[Extracted data entries]
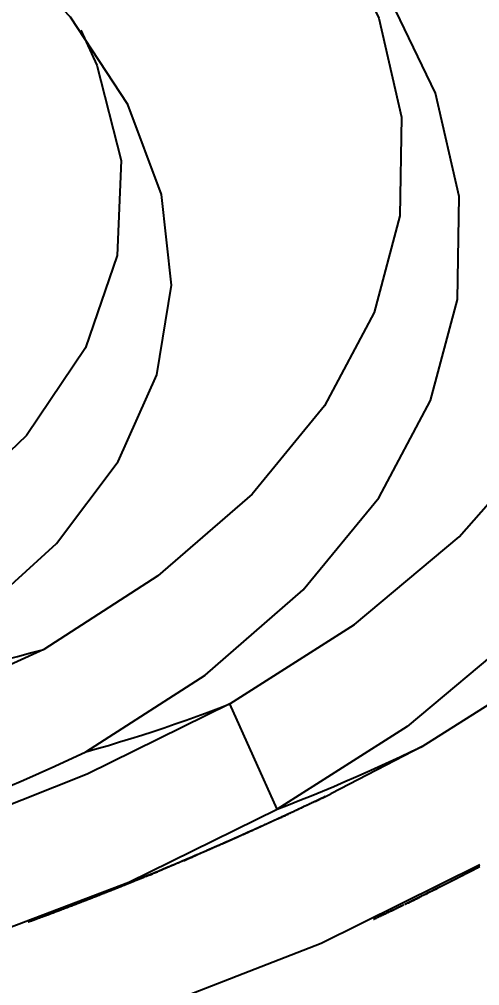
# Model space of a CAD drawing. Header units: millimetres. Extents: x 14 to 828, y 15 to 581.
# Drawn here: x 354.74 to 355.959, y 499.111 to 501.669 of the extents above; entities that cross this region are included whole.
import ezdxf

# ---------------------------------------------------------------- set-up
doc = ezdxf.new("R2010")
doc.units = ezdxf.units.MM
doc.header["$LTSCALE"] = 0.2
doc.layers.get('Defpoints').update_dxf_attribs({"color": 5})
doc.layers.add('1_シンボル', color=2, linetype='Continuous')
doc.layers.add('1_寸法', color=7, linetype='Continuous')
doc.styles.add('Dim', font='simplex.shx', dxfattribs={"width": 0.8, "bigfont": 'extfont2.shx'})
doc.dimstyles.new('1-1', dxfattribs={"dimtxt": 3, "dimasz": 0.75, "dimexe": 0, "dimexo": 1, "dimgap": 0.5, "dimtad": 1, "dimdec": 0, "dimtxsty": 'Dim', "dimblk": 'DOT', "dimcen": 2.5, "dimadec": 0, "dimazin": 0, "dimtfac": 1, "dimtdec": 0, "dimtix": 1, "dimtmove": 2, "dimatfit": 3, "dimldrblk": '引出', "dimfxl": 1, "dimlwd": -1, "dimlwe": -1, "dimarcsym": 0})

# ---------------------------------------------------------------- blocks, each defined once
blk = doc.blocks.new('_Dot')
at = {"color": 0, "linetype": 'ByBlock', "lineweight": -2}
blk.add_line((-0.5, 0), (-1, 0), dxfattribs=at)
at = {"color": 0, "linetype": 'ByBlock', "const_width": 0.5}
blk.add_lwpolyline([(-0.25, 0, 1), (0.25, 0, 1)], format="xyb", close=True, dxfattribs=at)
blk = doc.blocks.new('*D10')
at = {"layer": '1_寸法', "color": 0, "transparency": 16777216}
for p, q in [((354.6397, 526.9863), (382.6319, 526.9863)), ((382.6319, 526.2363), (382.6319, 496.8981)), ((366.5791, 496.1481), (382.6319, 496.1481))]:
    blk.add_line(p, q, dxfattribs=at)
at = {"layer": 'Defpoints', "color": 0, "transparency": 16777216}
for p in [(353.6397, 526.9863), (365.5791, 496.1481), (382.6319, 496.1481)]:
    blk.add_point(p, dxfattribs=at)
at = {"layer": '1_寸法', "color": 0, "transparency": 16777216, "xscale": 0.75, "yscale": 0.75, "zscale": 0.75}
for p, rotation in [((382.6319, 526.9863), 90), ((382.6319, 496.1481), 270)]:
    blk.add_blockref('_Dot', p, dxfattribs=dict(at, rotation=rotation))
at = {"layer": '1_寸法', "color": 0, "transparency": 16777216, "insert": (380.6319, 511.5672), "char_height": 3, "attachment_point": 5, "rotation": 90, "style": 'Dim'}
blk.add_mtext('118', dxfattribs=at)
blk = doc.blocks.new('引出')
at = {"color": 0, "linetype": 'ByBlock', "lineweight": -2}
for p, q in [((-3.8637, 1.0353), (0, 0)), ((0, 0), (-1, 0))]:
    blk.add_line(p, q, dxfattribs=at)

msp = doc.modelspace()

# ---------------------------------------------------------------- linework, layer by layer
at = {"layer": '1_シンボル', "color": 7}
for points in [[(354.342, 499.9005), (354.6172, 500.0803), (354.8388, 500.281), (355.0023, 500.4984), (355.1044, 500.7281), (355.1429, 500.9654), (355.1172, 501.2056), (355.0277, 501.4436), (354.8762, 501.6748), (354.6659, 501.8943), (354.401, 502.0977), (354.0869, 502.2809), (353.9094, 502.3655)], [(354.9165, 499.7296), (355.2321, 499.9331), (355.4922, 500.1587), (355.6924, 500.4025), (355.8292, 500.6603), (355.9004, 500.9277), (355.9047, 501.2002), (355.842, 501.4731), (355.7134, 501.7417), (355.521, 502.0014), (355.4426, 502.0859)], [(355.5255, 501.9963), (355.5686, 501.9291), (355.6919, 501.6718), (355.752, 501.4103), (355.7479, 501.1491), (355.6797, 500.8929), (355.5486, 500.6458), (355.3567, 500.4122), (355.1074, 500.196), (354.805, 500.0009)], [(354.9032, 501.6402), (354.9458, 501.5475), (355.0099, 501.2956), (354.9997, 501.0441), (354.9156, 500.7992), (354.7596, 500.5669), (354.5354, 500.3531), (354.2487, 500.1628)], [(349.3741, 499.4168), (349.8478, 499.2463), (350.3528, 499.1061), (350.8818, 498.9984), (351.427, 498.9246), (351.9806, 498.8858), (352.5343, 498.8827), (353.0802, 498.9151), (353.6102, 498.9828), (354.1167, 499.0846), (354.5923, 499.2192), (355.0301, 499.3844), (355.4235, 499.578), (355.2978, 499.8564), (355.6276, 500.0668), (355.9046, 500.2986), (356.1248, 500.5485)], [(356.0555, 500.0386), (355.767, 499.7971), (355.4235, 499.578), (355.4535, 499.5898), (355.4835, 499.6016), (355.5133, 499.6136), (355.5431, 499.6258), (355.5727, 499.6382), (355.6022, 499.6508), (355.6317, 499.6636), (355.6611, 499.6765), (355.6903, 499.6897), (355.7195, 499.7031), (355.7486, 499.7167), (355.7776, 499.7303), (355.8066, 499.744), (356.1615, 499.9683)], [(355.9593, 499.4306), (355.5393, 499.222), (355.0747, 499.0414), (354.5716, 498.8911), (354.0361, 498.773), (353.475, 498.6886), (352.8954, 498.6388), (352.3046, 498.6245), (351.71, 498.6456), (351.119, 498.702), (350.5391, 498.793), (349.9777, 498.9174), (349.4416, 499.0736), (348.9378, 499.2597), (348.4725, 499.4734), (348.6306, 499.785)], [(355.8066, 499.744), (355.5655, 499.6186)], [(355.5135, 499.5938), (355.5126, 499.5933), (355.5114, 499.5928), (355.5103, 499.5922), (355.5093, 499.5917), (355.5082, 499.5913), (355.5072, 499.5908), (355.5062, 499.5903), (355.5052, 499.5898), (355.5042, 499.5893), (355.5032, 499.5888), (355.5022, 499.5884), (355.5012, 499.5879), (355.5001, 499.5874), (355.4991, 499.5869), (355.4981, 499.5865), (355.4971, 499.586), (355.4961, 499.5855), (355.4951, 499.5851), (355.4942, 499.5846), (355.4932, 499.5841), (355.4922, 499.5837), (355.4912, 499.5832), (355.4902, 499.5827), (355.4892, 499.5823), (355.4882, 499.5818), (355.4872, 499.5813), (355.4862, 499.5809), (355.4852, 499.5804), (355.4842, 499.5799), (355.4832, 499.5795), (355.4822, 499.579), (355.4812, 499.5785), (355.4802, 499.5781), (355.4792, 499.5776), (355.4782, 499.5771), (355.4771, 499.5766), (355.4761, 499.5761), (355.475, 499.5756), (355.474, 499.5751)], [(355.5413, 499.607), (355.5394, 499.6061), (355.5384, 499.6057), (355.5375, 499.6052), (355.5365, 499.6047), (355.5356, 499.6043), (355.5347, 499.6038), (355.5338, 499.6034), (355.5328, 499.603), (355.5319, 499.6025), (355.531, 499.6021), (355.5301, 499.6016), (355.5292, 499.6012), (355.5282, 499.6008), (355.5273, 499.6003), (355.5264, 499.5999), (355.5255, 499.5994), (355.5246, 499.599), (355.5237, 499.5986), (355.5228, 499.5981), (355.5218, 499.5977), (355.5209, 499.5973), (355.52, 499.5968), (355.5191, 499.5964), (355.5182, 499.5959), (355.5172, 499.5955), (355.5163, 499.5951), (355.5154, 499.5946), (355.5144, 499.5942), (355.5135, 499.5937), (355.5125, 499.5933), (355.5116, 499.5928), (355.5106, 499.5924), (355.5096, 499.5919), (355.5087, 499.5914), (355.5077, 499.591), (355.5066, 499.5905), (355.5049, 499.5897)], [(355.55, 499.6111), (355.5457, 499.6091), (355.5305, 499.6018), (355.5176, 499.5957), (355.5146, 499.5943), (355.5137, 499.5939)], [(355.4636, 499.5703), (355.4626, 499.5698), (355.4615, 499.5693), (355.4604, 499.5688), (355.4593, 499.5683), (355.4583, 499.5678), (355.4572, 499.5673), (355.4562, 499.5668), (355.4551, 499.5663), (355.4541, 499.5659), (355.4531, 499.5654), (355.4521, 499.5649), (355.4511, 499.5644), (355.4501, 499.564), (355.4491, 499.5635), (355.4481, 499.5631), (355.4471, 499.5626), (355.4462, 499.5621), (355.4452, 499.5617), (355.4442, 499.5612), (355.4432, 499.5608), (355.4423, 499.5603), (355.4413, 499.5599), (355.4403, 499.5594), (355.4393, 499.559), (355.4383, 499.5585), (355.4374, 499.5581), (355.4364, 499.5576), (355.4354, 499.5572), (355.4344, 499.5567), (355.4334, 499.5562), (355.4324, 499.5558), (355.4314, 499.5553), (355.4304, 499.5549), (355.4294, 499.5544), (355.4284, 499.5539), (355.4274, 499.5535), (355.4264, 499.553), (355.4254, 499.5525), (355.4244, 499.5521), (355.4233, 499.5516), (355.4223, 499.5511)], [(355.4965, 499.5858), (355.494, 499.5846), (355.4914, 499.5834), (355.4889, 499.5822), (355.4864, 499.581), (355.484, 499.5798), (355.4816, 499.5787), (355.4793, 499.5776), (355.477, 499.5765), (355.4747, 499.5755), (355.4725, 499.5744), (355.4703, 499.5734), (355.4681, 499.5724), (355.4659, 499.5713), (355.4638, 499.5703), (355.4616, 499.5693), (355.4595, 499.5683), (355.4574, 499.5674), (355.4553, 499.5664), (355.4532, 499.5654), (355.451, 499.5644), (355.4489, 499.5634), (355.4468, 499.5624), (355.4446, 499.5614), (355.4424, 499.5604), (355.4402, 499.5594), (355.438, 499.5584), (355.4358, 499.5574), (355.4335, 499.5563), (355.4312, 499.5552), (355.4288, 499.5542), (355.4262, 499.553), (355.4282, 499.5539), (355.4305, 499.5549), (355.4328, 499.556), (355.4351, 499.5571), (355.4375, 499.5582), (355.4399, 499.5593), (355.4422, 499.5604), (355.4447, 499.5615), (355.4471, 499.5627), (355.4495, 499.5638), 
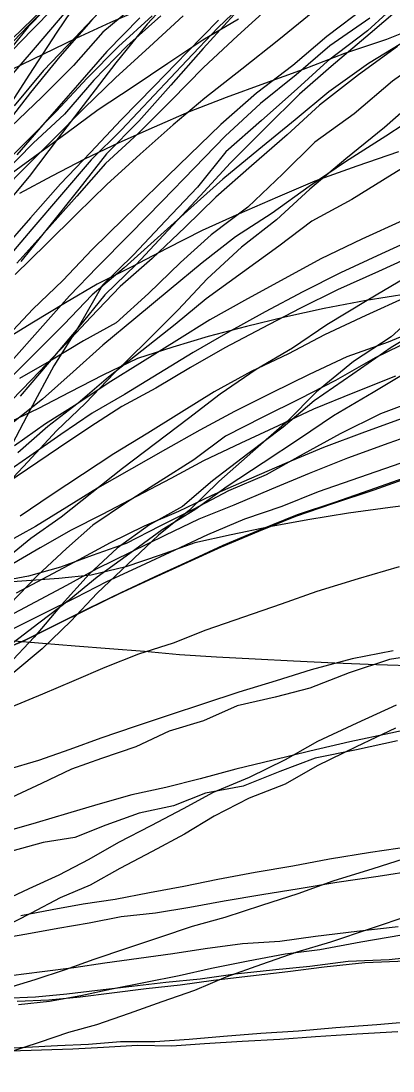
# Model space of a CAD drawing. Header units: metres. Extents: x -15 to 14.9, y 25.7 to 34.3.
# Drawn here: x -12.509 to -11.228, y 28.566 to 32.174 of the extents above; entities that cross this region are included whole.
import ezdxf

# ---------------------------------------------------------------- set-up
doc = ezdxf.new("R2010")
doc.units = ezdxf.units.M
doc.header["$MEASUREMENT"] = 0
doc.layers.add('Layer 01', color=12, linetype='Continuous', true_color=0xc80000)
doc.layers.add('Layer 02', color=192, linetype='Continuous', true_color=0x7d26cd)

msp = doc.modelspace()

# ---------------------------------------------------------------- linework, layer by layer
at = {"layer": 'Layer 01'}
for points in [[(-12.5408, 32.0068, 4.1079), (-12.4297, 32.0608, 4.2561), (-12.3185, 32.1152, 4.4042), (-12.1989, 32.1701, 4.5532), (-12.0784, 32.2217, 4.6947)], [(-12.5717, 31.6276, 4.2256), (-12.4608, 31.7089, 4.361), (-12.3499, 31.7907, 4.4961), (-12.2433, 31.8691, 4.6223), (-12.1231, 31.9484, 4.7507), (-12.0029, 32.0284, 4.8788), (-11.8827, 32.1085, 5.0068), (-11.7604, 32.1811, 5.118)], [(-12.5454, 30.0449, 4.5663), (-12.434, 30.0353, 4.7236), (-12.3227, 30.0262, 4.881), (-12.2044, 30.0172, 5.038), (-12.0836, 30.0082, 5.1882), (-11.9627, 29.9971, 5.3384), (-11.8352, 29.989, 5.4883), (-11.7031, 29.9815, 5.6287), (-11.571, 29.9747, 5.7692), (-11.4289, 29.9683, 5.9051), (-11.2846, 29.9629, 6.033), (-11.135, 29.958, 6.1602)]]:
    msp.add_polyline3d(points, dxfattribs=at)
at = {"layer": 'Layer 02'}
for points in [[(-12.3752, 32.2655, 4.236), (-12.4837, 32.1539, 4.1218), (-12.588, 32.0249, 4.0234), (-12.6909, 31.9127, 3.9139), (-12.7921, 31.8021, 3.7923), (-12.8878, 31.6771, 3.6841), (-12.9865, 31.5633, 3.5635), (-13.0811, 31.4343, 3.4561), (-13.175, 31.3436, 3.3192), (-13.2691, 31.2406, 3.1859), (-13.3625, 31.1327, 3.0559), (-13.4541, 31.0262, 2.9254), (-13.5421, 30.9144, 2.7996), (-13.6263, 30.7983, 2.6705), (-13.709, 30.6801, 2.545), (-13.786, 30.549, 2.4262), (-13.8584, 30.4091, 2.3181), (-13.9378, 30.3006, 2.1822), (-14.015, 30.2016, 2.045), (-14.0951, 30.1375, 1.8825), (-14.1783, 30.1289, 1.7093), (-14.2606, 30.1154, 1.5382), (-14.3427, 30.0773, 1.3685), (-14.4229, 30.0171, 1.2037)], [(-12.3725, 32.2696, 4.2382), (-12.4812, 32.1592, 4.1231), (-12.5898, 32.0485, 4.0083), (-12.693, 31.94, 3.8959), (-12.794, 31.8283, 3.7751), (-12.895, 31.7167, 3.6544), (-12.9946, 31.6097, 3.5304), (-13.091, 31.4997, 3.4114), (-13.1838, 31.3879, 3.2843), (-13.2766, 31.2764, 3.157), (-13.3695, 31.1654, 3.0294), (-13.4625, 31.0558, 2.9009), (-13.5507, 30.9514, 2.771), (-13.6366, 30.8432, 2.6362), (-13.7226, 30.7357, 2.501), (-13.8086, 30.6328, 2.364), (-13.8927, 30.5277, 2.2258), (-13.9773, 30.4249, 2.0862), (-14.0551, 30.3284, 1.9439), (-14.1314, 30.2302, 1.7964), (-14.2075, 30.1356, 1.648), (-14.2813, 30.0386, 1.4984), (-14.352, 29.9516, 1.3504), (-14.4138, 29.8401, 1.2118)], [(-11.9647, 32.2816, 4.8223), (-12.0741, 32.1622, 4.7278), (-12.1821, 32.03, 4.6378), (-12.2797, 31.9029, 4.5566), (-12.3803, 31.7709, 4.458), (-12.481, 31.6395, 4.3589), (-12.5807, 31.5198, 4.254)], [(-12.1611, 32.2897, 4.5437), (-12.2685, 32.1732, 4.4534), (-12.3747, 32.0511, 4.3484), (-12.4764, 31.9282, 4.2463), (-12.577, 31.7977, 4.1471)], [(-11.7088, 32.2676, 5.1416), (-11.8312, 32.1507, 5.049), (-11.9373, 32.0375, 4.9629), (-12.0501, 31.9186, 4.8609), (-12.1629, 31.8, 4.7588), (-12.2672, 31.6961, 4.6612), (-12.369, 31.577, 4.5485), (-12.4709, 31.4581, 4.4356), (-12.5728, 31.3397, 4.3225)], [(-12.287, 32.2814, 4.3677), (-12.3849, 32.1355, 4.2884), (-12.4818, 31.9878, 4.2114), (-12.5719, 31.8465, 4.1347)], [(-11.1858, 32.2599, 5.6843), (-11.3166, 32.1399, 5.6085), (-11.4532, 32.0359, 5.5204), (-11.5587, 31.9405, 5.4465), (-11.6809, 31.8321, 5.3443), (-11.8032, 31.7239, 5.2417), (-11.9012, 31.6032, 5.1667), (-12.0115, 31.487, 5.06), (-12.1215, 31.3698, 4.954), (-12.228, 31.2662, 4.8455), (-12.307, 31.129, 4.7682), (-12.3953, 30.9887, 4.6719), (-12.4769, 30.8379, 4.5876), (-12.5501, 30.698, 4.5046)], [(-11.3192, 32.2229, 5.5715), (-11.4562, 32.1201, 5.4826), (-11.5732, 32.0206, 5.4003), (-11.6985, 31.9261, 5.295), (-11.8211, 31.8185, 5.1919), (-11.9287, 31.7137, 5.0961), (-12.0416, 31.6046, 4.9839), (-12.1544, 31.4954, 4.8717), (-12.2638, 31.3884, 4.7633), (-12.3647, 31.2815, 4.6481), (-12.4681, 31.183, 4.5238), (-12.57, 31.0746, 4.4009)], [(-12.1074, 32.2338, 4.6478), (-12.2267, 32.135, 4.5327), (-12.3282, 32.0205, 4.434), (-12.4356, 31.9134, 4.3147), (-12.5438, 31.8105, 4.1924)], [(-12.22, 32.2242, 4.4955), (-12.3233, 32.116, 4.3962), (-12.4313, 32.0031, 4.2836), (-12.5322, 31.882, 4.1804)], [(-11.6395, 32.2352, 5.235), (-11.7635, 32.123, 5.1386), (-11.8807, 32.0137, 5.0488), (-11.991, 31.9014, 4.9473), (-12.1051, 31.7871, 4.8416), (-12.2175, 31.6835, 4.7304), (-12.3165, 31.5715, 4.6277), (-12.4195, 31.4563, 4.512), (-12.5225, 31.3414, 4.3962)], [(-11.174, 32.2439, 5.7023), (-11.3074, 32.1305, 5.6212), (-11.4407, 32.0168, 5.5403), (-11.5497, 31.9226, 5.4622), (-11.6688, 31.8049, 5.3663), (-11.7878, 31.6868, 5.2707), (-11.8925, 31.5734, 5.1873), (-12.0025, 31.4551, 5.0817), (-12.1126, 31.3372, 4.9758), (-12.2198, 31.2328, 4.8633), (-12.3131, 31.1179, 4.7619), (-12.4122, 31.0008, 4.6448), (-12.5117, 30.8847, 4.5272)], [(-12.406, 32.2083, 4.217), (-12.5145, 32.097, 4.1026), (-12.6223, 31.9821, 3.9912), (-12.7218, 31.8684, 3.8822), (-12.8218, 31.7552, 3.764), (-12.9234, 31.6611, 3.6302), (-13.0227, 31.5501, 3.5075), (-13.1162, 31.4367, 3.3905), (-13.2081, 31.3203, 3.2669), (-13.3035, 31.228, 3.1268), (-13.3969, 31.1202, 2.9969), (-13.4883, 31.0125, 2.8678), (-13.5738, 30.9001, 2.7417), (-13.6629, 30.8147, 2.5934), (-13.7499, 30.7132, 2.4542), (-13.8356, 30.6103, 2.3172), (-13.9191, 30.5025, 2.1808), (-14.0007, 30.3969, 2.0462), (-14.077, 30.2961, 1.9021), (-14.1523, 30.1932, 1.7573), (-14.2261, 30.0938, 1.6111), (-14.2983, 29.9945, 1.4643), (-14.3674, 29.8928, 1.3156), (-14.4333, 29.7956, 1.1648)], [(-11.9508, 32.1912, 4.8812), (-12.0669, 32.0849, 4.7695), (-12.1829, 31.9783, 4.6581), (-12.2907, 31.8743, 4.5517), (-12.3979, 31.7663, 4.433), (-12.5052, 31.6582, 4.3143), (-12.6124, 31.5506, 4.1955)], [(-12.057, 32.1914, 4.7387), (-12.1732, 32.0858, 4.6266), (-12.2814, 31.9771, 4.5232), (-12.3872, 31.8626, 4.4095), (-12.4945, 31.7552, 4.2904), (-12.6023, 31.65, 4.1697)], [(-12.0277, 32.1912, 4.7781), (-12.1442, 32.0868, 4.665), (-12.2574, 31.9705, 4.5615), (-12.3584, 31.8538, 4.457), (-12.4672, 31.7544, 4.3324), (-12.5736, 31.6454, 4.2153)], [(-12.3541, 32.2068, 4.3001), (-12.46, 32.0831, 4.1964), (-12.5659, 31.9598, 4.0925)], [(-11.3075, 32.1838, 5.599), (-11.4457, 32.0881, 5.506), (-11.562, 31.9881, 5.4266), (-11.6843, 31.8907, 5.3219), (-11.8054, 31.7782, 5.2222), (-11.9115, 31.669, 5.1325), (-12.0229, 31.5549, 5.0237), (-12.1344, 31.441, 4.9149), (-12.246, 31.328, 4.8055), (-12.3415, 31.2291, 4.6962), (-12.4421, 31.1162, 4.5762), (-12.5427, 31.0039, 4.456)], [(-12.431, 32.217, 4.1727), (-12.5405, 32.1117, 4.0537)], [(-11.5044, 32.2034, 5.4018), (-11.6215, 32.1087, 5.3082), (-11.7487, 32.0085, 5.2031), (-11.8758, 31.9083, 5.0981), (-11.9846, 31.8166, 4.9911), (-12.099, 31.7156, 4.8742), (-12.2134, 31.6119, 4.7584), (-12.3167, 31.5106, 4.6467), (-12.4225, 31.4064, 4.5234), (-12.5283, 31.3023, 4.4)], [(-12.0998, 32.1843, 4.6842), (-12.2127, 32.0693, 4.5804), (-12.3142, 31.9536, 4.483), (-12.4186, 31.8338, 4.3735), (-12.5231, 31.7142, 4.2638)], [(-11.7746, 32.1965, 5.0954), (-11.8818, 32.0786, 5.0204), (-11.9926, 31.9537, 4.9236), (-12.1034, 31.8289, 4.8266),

# YOUR INSTRUCTIONS
Once you have read through the entries above, state how many lines hold the word "Drawn", giving nothing but the number.

# RESULT BELOW
2